**WHAT TO DO**: Looking through the listing, how many of its lines hold the word "contours"? Answer with only the number.

**EXERCISE MATERIAL**:
################

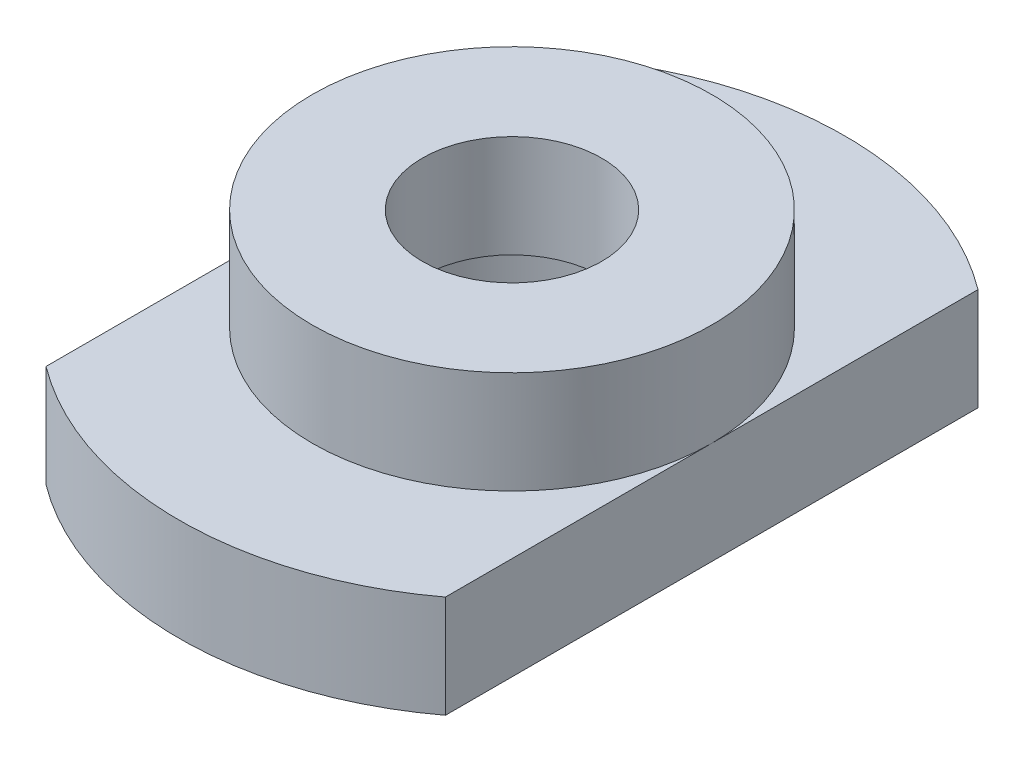
SolidWorks part; units mm, degrees
ref_plane "Front Plane" through (0, 0, 0) normal (0, 0, 1) x (1, 0, 0)
ref_plane "Top Plane" through (0, 0, 0) normal (0, 1, 0) x (1, 0, 0)
ref_plane "Right Plane" through (0, 0, 0) normal (1, 0, 0) x (0, 0, -1)
sketch "Sketch2" plane through (0, 0, 0) normal (0, 1, 0) x (1, 0, 0)
  line L1 (-2.9, 0) -> (2.9, 0)
  line L2 (-2.9, 0) -> (-2.9, 5)
  line L3 (-2.9, 5) -> (2.9, 5)
  line L4 (2.9, 0) -> (2.9, 5)
  line L5 (-2.9, 0) -> (2.9, 0)
  line L6 (-2.9, 0) -> (-2.9, -5)
  line L7 (-2.9, -5) -> (2.9, -5)
  line L8 (2.9, 0) -> (2.9, -5)
  line L9 (-3.9, 6) -> (3.9, 6)
  line L10 (-3.9, 6) -> (-3.9, -6)
  line L11 (-3.9, -6) -> (3.9, -6)
  line L12 (3.9, 6) -> (3.9, -6)
  circle A0 centre (0, 0) radius 2.9
  circle A1 centre (0, 0) radius 6.5
  dimension "D1" = 5.8
  dimension "D8" = 13
  dimension "D2" = 5
  dimension "D3" = 5
  dimension "D4" = 1
  dimension "D5" = 1
  dimension "D6" = 1
  dimension "D7" = 1
extrude "Boss-Extrude1" add sketch "Sketch2" along normal blind 2 contours L12 L9 L10 L11 L4 L8 L7 L6 L2 L3 | A0 L4 L3 L2 | A0 L6 L7 L8 | L11 A1 | L9 A1
sketch "Sketch3" plane through (0, 2, 0) normal (0, 1, 0) x (1, 0, 0)
  circle A0 centre (0, 0) radius 2.9
  circle A1 centre (0, 0) radius 1.75
  circle A2 centre (0, 0) radius 3.9
  circle M1 centre (0, 0) radius 2.9
  dimension "D1" = 3.5
extrude "Boss-Extrude2" add sketch "Sketch3" along normal blind 2 contours A2 M1 | A1 M1

################

**ANSWER SECTION**: 2